Thursday, January 21, 2010

mega headache

ok, so, yesterday (wednesday) i had gone somewhere. and it was with my friend molly. we went to get our books, but i had somehow hit my head on my car. and it hurt like hell..unfortunately, i still have this pain. every now and then the pain feels like i jsut hit my head. ugh, it's horrible.

anyways, today was kind of lame. it started out extremely boring, and it was long and horrible. i argued a bit, but i'm always arguing haha. i cleaned out my car, which is exciting because it was a hot mess...horrible horrible mess. and i kind of cleaned my room? kinda? haha. dinner was kinda gross, some sweet and sour chicken, so now i'm super hungry.

being stuck at home with nothing to do is kind of a major drag, i wish i had something to do today. but now i've just been playing Half Life for about an hour, just getting to the office area..i hate that area. i saw rob play it once or a couple of times and it creeped me out so bad. as does all of the game, but this part is the worst haha. i will save the rest of this part for another time...(maybe i can bring my laptop to his house and try to get him to do it for me hehe). also i've been playing alot, and i mean ALOT, of Sims 3. it's ridiculous. i already had one woman and she was doing great, then i got a new computer and had to start over. now i have a couple and i'm trying to get them to have a baby. haha...i only play on my spare time, when i'm so bored and don't want to download a different game. i kind of wish i still had Spore, because sometimes if i don't want to play Sims, i want to play that. but, i don't have the cd for it. and i spend too much time designing creatures. haha...i played all the way to the space time a few times, but i really only like designing them.

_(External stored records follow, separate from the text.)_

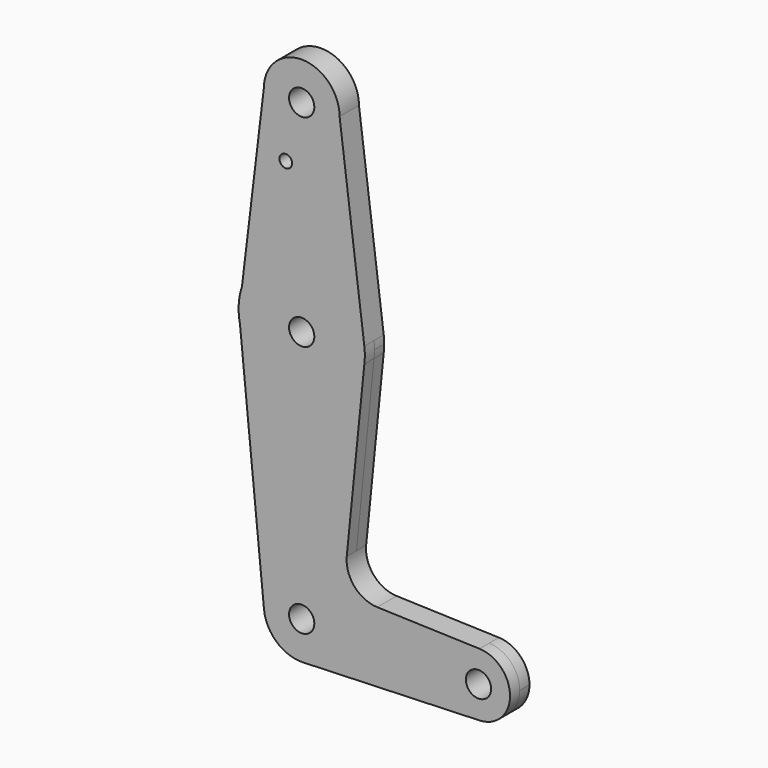
from build123d import *

# Parameters (mm, degrees)
F0_R        = 3.175
F0_R_2      = 1.5875
F1_DEPTH    = 3.048
F1_FACE_R   = 3.175
F1_FACE_R_2 = 1.5875
F2_DEPTH    = 3.048


# Not quite as in the source:
# - after a boolean that leaves OpenCascade's solid faulty, fix() repairs it


with BuildPart() as f1:
    # F0 (on Front) → F1 (new body)
    with BuildSketch(Plane.XZ):
        with BuildLine():
            ThreePointArc((-53.975, 50.4670464277), (-44.45, 40.9420464277), (-34.925, 50.4670464277))
            ThreePointArc((-34.925, 50.4670464277), (-44.45, 59.9920464277), (-53.975, 50.4670464277))
        make_face()
        with Locations((-44.45, 50.4670464277)):
            Circle(F0_R, mode=Mode.SUBTRACT)
        with BuildLine():
            Line((-28.7025430953, 1.6753357581), (-34.925, 50.4670464277))
            ThreePointArc((-34.925, 50.4670464277), (-44.45, 40.9420464277), (-53.975, 50.4670464277))
            Line((-53.975, 50.4670464277), (-59.4731707335, 4.7973452602))
            ThreePointArc((-59.4731707335, 4.7973452602), (-42.8475383164, 15.4609611278), (-28.7025430953, 1.6753357581))
        make_face()
        with Locations((-48.45572263, 36.1922464277)):
            Circle(F0_R_2, mode=Mode.SUBTRACT)
        with BuildLine():
            ThreePointArc((-28.575, -0.3329535723), (-28.6069178604, 0.6732140673), (-28.7025430953, 1.6753357581))
            ThreePointArc((-28.7025430953, 1.6753357581), (-42.8475383164, 15.4609611278), (-59.4731707335, 4.7973452602))
            ThreePointArc((-59.4731707335, 4.7973452602), (-60.0824637934, 2.4314090575), (-60.3215080228, 0))
            Line((-60.3215080228, 0), (-59.9501789354, -3.7622505804))
            ThreePointArc((-59.9501789354, -3.7622505804), (-43.7288188136, -16.1915639369), (-28.7025430953, -2.3412429026))
            ThreePointArc((-28.7025430953, -2.3412429026), (-28.6069178604, -1.3391212118), (-28.575, -0.3329535723))
        make_face()
        with Locations((-44.45, -0.3329535723)):
            Circle(F0_R, mode=Mode.SUBTRACT)
        with BuildLine():
            Line((-59.9501789354, -3.7622505804), (-60.3215080228, 0))
            ThreePointArc((-60.3215080228, 0), (-60.2482378134, -1.8922184603), (-59.9501789354, -3.7622505804))
        make_face()
        with BuildLine():
            Line((-33.1183182382, -46.317436026), (-28.7025430953, -2.3412429026))
            ThreePointArc((-28.7025430953, -2.3412429026), (-43.7288188136, -16.1915639369), (-59.9501789354, -3.7622505804))
            Line((-59.9501789354, -3.7622505804), (-53.928942688, -64.7685125051))
            ThreePointArc((-53.928942688, -64.7685125051), (-44.9183459706, -54.3194748683), (-34.925, -63.8329535723))
            ThreePointArc((-34.925, -63.8329535723), (-37.4756032752, -70.3201267105), (-43.7614126668, -73.3330310711))
            Line((-43.7614126668, -73.3330310711), (0.2823318858, -71.7654307992))
            ThreePointArc((0.2823318858, -71.7654307992), (-7.9374918809, -63.8443065466), (0.2596391732, -55.8997011655))
            Line((0.2596391732, -55.8997011655), (-25.4679521782, -55.0576895661))
            ThreePointArc((-25.4679521782, -55.0576895661), (-31.1901358295, -52.3480122444), (-33.1183182382, -46.317436026))
        make_face()
        with BuildLine():
            ThreePointArc((-34.925, -63.8329535723), (-44.9183459706, -54.3194748683), (-53.928942688, -64.7685125051))
            ThreePointArc((-53.928942688, -64.7685125051), (-50.8501155234, -70.8873242945), (-44.4614490432, -73.3579466914))
            Line((-44.4614490432, -73.3579466914), (-43.7614126668, -73.3330310711))
            ThreePointArc((-43.7614126668, -73.3330310711), (-37.4756032752, -70.3201267105), (-34.925, -63.8329535723))
        make_face()
        with Locations((-44.45, -63.8329535723)):
            Circle(F0_R, mode=Mode.SUBTRACT)
        with BuildLine():
            Line((-43.7614126668, -73.3330310711), (-44.4614490432, -73.3579466914))
            ThreePointArc((-44.4614490432, -73.3579466914), (-44.111201737, -73.3519262446), (-43.7614126668, -73.3330310711))
        make_face()
        with BuildLine():
            ThreePointArc((7.9375, -63.8329535723), (5.7037177432, -58.3128530156), (0.2596391732, -55.8997011655))
            ThreePointArc((0.2596391732, -55.8997011655), (-7.9374918809, -63.8443065466), (0.2823318858, -71.7654307992))
            ThreePointArc((0.2823318858, -71.7654307992), (5.7116072866, -69.344890478), (7.9375, -63.8329535723))
        make_face()
        with Locations((0, -63.8329535723)):
            Circle(F0_R, mode=Mode.SUBTRACT)
    extrude(amount=F1_DEPTH)

    # F0 (on Front) + F1_face (on face) → F2 (join)
    with BuildSketch(Plane.XZ):
        with BuildLine():
            ThreePointArc((-53.975, 50.4670464277), (-44.45, 40.9420464277), (-34.925, 50.4670464277))
            ThreePointArc((-34.925, 50.4670464277), (-44.45, 59.9920464277), (-53.975, 50.4670464277))
        make_face()
        with Locations((-44.45, 50.4670464277)):
            Circle(F0_R, mode=Mode.SUBTRACT)
        with BuildLine():
            Line((-28.7025430953, 1.6753357581), (-34.925, 50.4670464277))
            ThreePointArc((-34.925, 50.4670464277), (-44.45, 40.9420464277), (-53.975, 50.4670464277))
            Line((-53.975, 50.4670464277), (-59.4731707335, 4.7973452602))
            ThreePointArc((-59.4731707335, 4.7973452602), (-42.8475383164, 15.4609611278), (-28.7025430953, 1.6753357581))
        make_face()
        with Locations((-48.45572263, 36.1922464277)):
            Circle(F0_R_2, mode=Mode.SUBTRACT)
        with BuildLine():
            ThreePointArc((-28.575, -0.3329535723), (-28.6069178604, 0.6732140673), (-28.7025430953, 1.6753357581))
            ThreePointArc((-28.7025430953, 1.6753357581), (-42.8475383164, 15.4609611278), (-59.4731707335, 4.7973452602))
            ThreePointArc((-59.4731707335, 4.7973452602), (-60.0824637934, 2.4314090575), (-60.3215080228, 0))
            Line((-60.3215080228, 0), (-59.9501789354, -3.7622505804))
            ThreePointArc((-59.9501789354, -3.7622505804), (-43.7288188136, -16.1915639369), (-28.7025430953, -2.3412429026))
            ThreePointArc((-28.7025430953, -2.3412429026), (-28.6069178604, -1.3391212118), (-28.575, -0.3329535723))
        make_face()
        with Locations((-44.45, -0.3329535723)):
            Circle(F0_R, mode=Mode.SUBTRACT)
        with BuildLine():
            Line((-59.9501789354, -3.7622505804), (-60.3215080228, 0))
            ThreePointArc((-60.3215080228, 0), (-60.2482378134, -1.8922184603), (-59.9501789354, -3.7622505804))
        make_face()
        with BuildLine():
            Line((-33.1183182382, -46.317436026), (-28.7025430953, -2.3412429026))
            ThreePointArc((-28.7025430953, -2.3412429026), (-43.7288188136, -16.1915639369), (-59.9501789354, -3.7622505804))
            Line((-59.9501789354, -3.7622505804), (-53.928942688, -64.7685125051))
            ThreePointArc((-53.928942688, -64.7685125051), (-44.9183459706, -54.3194748683), (-34.925, -63.8329535723))
            ThreePointArc((-34.925, -63.8329535723), (-37.4756032752, -70.3201267105), (-43.7614126668, -73.3330310711))
            Line((-43.7614126668, -73.3330310711), (0.2823318858, -71.7654307992))
            ThreePointArc((0.2823318858, -71.7654307992), (-7.9374918809, -63.8443065466), (0.2596391732, -55.8997011655))
            Line((0.2596391732, -55.8997011655), (-25.4679521782, -55.0576895661))
            ThreePointArc((-25.4679521782, -55.0576895661), (-31.1901358295, -52.3480122444), (-33.1183182382, -46.317436026))
        make_face()
        with BuildLine():
            ThreePointArc((-34.925, -63.8329535723), (-44.9183459706, -54.3194748683), (-53.928942688, -64.7685125051))
            ThreePointArc((-53.928942688, -64.7685125051), (-50.8501155234, -70.8873242945), (-44.4614490432, -73.3579466914))
            Line((-44.4614490432, -73.3579466914), (-43.7614126668, -73.3330310711))
            ThreePointArc((-43.7614126668, -73.3330310711), (-37.4756032752, -70.3201267105), (-34.925, -63.8329535723))
        make_face()
        with Locations((-44.45, -63.8329535723)):
            Circle(F0_R, mode=Mode.SUBTRACT)
        with BuildLine():
            Line((-43.7614126668, -73.3330310711), (-44.4614490432, -73.3579466914))
            ThreePointArc((-44.4614490432, -73.3579466914), (-44.111201737, -73.3519262446), (-43.7614126668, -73.3330310711))
        make_face()
        with BuildLine():
            ThreePointArc((7.9375, -63.8329535723), (5.7037177432, -58.3128530156), (0.2596391732, -55.8997011655))
            ThreePointArc((0.2596391732, -55.8997011655), (-7.9374918809, -63.8443065466), (0.2823318858, -71.7654307992))
            ThreePointArc((0.2823318858, -71.7654307992), (5.7116072866, -69.344890478), (7.9375, -63.8329535723))
        make_face()
        with Locations((0, -63.8329535723)):
            Circle(F0_R, mode=Mode.SUBTRACT)
    with BuildSketch(Plane(origin=(-39.2541813262, -3.048, -16.9379503901), x_dir=(1, 0, 0), z_dir=(0, -1, 0))):
        with BuildLine():
            ThreePointArc((4.3291813262, 67.4049968178), (-5.1958186738, 76.9299968178), (-14.7208186738, 67.4049968178))
            Line((-14.7208186738, 67.4049968178), (-20.2189894074, 21.7352956503))
            ThreePointArc((-20.2189894074, 21.7352956503), (-21.0462252614, 17.4883065075), (-20.6959976093, 13.1756998097))
            Line((-20.6959976093, 13.1756998097), (-14.6747613619, -47.830562115))
            ThreePointArc((-14.6747613619, -47.830562115), (-11.3322126787, -54.1799392572), (-4.5072313406, -56.395080681))
            Line((-4.5072313406, -56.395080681), (39.536513212, -54.8274804091))
            ThreePointArc((39.536513212, -54.8274804091), (47.1916732071, -46.8836502078), (39.5138204994, -38.9617507754))
            Line((39.5138204994, -38.9617507754), (13.7862291479, -38.119739176))
            ThreePointArc((13.7862291479, -38.119739176), (8.0640454966, -35.4100618543), (6.1358630879, -29.3794856359))
            Line((6.1358630879, -29.3794856359), (10.5516382309, 14.5967074875))
            ThreePointArc((10.5516382309, 14.5967074875), (10.6791813262, 16.6049968178), (10.5516382309, 18.6132861482))
            Line((10.5516382309, 18.6132861482), (4.3291813262, 67.4049968178))
        make_face()
        with Locations((-5.1958186738, 67.4049968178)):
            Circle(F1_FACE_R, mode=Mode.SUBTRACT)
        with Locations((-9.2015413039, 53.1301968178)):
            Circle(F1_FACE_R_2, mode=Mode.SUBTRACT)
        with Locations((-5.1958186738, 16.6049968178)):
            Circle(F1_FACE_R, mode=Mode.SUBTRACT)
        with Locations((-5.1958186738, -46.8950031822)):
            Circle(F1_FACE_R, mode=Mode.SUBTRACT)
        with Locations((39.2541813262, -46.8950031822)):
            Circle(F1_FACE_R, mode=Mode.SUBTRACT)
    extrude(amount=F2_DEPTH)

    add(f1.part.fix(), mode=Mode.REPLACE)


solid = f1.part
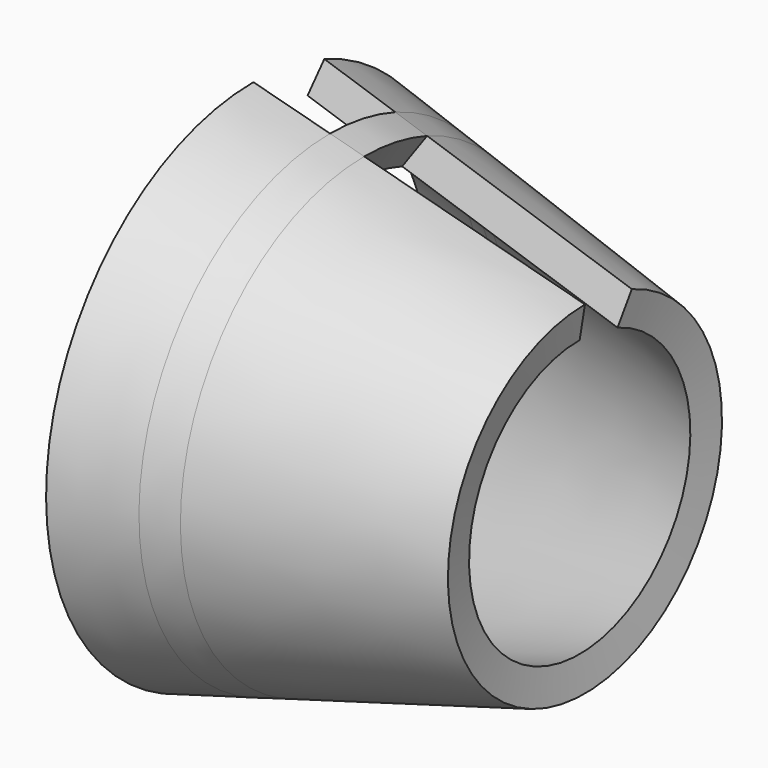
from build123d import *
from build123d import SkipClean  # not in build123d's __all__

# Parameters (mm, degrees)
F1_ANGLE = 340


with BuildPart() as f1:
    # F0 (on Front) → F1 (revolve)
    with BuildSketch(Plane.XZ):
        Polygon((-48.5273150222, 95.1958908392), (-51.4471201788, 83.3390055934), (71.3136761488, 50.8), (73.2494630124, 62.9177093663), align=None)
    revolve(axis=Axis((3.1582843512, 0, 0), (1, 0, 0)), revolution_arc=F1_ANGLE)

    # F2 (on face) → F3 (revolve)
    with BuildSketch(Plane(origin=(0, 0, 0), x_dir=(1, 0, 0), z_dir=(0, -0.9396926208, 0.3420201433))):
        Polygon((-7.8220407683, 84.4065412565), (-20.3833373413, 87.7360414852), (-25.218585377, 76.3868639802), (-13.9751803482, 73.4066843946), align=None)
    with SkipClean():  # cleaning this boolean's faces spoils the solid; the shape is the same uncleaned
        revolve(axis=Axis((73.2494630124, 0, 0), (-1, 0, 0)))


solid = f1.part
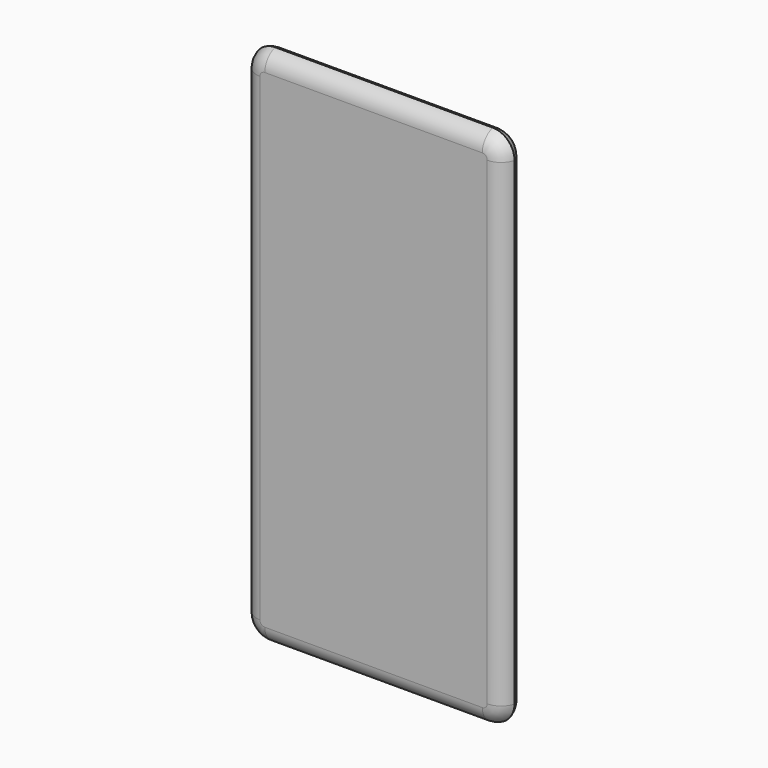
from build123d import *

# Parameters (mm, degrees)
F1_DEPTH     = 3.81
F2_T1_DEPTH  = 139.7
F2_T3_DEPTH  = 63.5
F2_T6_ANGLE  = 90
F2_T8_ANGLE  = 90
F2_T10_ANGLE = 90
F2_T12_ANGLE = 90
F3_DEPTH     = 3.81
F4_T1_DEPTH  = 139.7
F4_T3_DEPTH  = 63.5
F4_T6_ANGLE  = 90
F4_T8_ANGLE  = 90
F4_T10_ANGLE = 90
F4_T12_ANGLE = 90


# Not quite as in the source:
# - a fillet or chamfer that OpenCascade refuses, or shapes differently, is made with other operations: its cross-section is extruded or revolved along the edge and cut away or added
# - the program builds the solid bodies; features that only make, move or delete a surface that nothing else refers to are left out


with BuildPart() as f1:
    # F0 (on Front) → F1 (new body)
    with BuildSketch(Plane.XZ):
        with BuildLine():
            Line((-31.75, -76.2), (31.75, -76.2))
            ThreePointArc((31.75, -76.2), (36.2401280605, -74.3401280605), (38.1, -69.85))
            Line((38.1, -69.85), (38.1, 69.85))
            ThreePointArc((38.1, 69.85), (36.2401280605, 74.3401280605), (31.75, 76.2))
            Line((31.75, 76.2), (-31.75, 76.2))
            ThreePointArc((-31.75, 76.2), (-36.2401280605, 74.3401280605), (-38.1, 69.85))
            Line((-38.1, 69.85), (-38.1, -69.85))
            ThreePointArc((-38.1, -69.85), (-36.2401280605, -74.3401280605), (-31.75, -76.2))
        make_face()
    extrude(amount=F1_DEPTH)

    # F2: fillet of radius 5.08 on 1 edges, made by hand

    # F2_s2 → F2_t1 (cut)
    with BuildSketch(Plane.XY.offset(-69.85)):
        with BuildLine():
            ThreePointArc((38.1, 0), (36.2921631237, -2.7460926284), (33.1813111503, -3.81))
            Line((33.1813111503, -3.81), (38.1, -3.81))
            Line((38.1, -3.81), (38.1, 0))
        make_face()
        with BuildLine():
            ThreePointArc((-38.1, 0), (-36.2921631237, -2.7460926284), (-33.1813111503, -3.81))
            Line((-33.1813111503, -3.81), (-38.1, -3.81))
            Line((-38.1, -3.81), (-38.1, 0))
        make_face()
    extrude(amount=F2_T1_DEPTH, mode=Mode.SUBTRACT)

    # F2_s4 → F2_t3 (cut)
    with BuildSketch(Plane.YZ.offset(-31.75)):
        with BuildLine():
            ThreePointArc((0, 76.2), (-2.7460926284, 74.3921631237), (-3.81, 71.2813111503))
            Line((-3.81, 71.2813111503), (-3.81, 76.2))
            Line((-3.81, 76.2), (0, 76.2))
        make_face()
        with BuildLine():
            ThreePointArc((0, -76.2), (-2.7460926284, -74.3921631237), (-3.81, -71.2813111503))
            Line((-3.81, -71.2813111503), (-3.81, -76.2))
            Line((-3.81, -76.2), (0, -76.2))
        make_face()
    extrude(amount=F2_T3_DEPTH, mode=Mode.SUBTRACT)

    # F2_s5 → F2_t6 (revolve, cut)
    with BuildSketch(Plane.YZ.offset(31.75)):
        with BuildLine():
            ThreePointArc((0, -76.2), (-2.7460926284, -74.3921631237), (-3.81, -71.2813111503))
            Line((-3.81, -71.2813111503), (-3.81, -76.2))
            Line((-3.81, -76.2), (0, -76.2))
        make_face()
    revolve(axis=Axis((31.75, -3.81, -69.85), (0, -1, 0)), revolution_arc=F2_T6_ANGLE, mode=Mode.SUBTRACT)

    # F2_s7 → F2_t8 (revolve, cut)
    with BuildSketch(Plane.XY.offset(69.85)):
        with BuildLine():
            ThreePointArc((38.1, 0), (36.2921631237, -2.7460926284), (33.1813111503, -3.81))
            Line((33.1813111503, -3.81), (38.1, -3.81))
            Line((38.1, -3.81), (38.1, 0))
        make_face()
    revolve(axis=Axis((31.75, -3.81, 69.85), (0, -1, 0)), revolution_arc=F2_T8_ANGLE, mode=Mode.SUBTRACT)

    # F2_s9 → F2_t10 (revolve, cut)
    with BuildSketch(Plane.YZ.offset(-31.75)):
        with BuildLine():
            ThreePointArc((0, 76.2), (-2.7460926284, 74.3921631237), (-3.81, 71.2813111503))
            Line((-3.81, 71.2813111503), (-3.81, 76.2))
            Line((-3.81, 76.2), (0, 76.2))
        make_face()
    revolve(axis=Axis((-31.75, -3.81, 69.85), (0, -1, 0)), revolution_arc=F2_T10_ANGLE, mode=Mode.SUBTRACT)

    # F2_s11 → F2_t12 (revolve, cut)
    with BuildSketch(Plane.XY.offset(-69.85)):
        with BuildLine():
            ThreePointArc((-38.1, 0), (-36.2921631237, -2.7460926284), (-33.1813111503, -3.81))
            Line((-33.1813111503, -3.81), (-38.1, -3.81))
            Line((-38.1, -3.81), (-38.1, 0))
        make_face()
    revolve(axis=Axis((-31.75, -3.81, -69.85), (0, -1, 0)), revolution_arc=F2_T12_ANGLE, mode=Mode.SUBTRACT)

    # F3 (add): a face of the model
    f3_faces = [f1.faces().sort_by_distance(p)[0] for p in [
        (0, 0, 0),
    ]]
    extrude(f3_faces, amount=F3_DEPTH)

    # F4: fillet of radius 5.08 on 1 edges, made by hand

    # F4_s2 → F4_t1 (cut)
    with BuildSketch(Plane.XY.offset(-69.85)):
        with BuildLine():
            ThreePointArc((33.1813111503, 3.81), (36.2921631237, 2.7460926284), (38.1, 0))
            Line((38.1, 0), (38.1, 3.81))
            Line((38.1, 3.81), (33.1813111503, 3.81))
        make_face()
        with BuildLine():
            ThreePointArc((-38.1, 0), (-36.2921631237, 2.7460926284), (-33.1813111503, 3.81))
            Line((-33.1813111503, 3.81), (-38.1, 3.81))
            Line((-38.1, 3.81), (-38.1, 0))
        make_face()
    extrude(amount=F4_T1_DEPTH, mode=Mode.SUBTRACT)

    # F4_s4 → F4_t3 (cut)
    with BuildSketch(Plane.YZ.offset(-31.75)):
        with BuildLine():
            ThreePointArc((3.81, 71.2813111503), (2.7460926284, 74.3921631237), (0, 76.2))
            Line((0, 76.2), (3.81, 76.2))
            Line((3.81, 76.2), (3.81, 71.2813111503))
        make_face()
        with BuildLine():
            ThreePointArc((3.81, -71.2813111503), (2.7460926284, -74.3921631237), (0, -76.2))
            Line((0, -76.2), (3.81, -76.2))
            Line((3.81, -76.2), (3.81, -71.2813111503))
        make_face()
    extrude(amount=F4_T3_DEPTH, mode=Mode.SUBTRACT)

    # F4_s5 → F4_t6 (revolve, cut)
    with BuildSketch(Plane.YZ.offset(31.75)):
        with BuildLine():
            ThreePointArc((3.81, -71.2813111503), (2.7460926284, -74.3921631237), (0, -76.2))
            Line((0, -76.2), (3.81, -76.2))
            Line((3.81, -76.2), (3.81, -71.2813111503))
        make_face()
    revolve(axis=Axis((31.75, 3.81, -69.85), (0, -1, 0)), revolution_arc=F4_T6_ANGLE, mode=Mode.SUBTRACT)

    # F4_s7 → F4_t8 (revolve, cut)
    with BuildSketch(Plane.XY.offset(69.85)):
        with BuildLine():
            ThreePointArc((33.1813111503, 3.81), (36.2921631237, 2.7460926284), (38.1, 0))
            Line((38.1, 0), (38.1, 3.81))
            Line((38.1, 3.81), (33.1813111503, 3.81))
        make_face()
    revolve(axis=Axis((31.75, 3.81, 69.85), (0, -1, 0)), revolution_arc=F4_T8_ANGLE, mode=Mode.SUBTRACT)

    # F4_s9 → F4_t10 (revolve, cut)
    with BuildSketch(Plane.YZ.offset(-31.75)):
        with BuildLine():
            ThreePointArc((0, 76.2), (2.7460926284, 74.3921631237), (3.81, 71.2813111503))
            Line((3.81, 71.2813111503), (3.81, 76.2))
            Line((3.81, 76.2), (0, 76.2))
        make_face()
    revolve(axis=Axis((-31.75, 3.81, 69.85), (0, -1, 0)), revolution_arc=F4_T10_ANGLE, mode=Mode.SUBTRACT)

    # F4_s11 → F4_t12 (revolve, cut)
    with BuildSketch(Plane.XY.offset(-69.85)):
        with BuildLine():
            ThreePointArc((-38.1, 0), (-36.2921631237, 2.7460926284), (-33.1813111503, 3.81))
            Line((-33.1813111503, 3.81), (-38.1, 3.81))
            Line((-38.1, 3.81), (-38.1, 0))
        make_face()
    revolve(axis=Axis((-31.75, 3.81, -69.85), (0, -1, 0)), revolution_arc=F4_T12_ANGLE, mode=Mode.SUBTRACT)


solid = f1.part

project runway just finished as well, that's a good thing about thursdays. i may not ever have anyting to do on them, but there's always that show. i'm not as into it as i used to, but it's nice to watch. even if i don't watch all of it (which i don't). haha. i just keep it in the background and try to keep up with what's going on. i don't have a favorite designer though, i think they're all silly this season.

tomorrow is friday, and i'm not sure how i feel about it right now. i have to go to a lunch with my family for my brothers 18th birthday. i'm not sure how that'll go, and i think it'll be nice, maybe kind of awkward too. just because my family is really awkward. then i have work, ugh but the time is 6-11. this bothers me alot. i'm getting less and less hours. but whatever, things will work out eventually. i'll find a better job or get more hours at Wendys.

no matter how friday turns out, i can't wait for saturday. i always look forward to saturdays and hanging out with rob. =]

well i'm out,
<3jaime

Wednesday, January 20, 2010

winter break is ending

this is the last week i have for winter break. well, technically, school starts friday, although i luckily don't have classes until tuesday. i know it's already the middle of the week, but it feels like it's just the beginning. this week is just full of so much, and all of a sudden there's nothing to do. i will need to find things to do.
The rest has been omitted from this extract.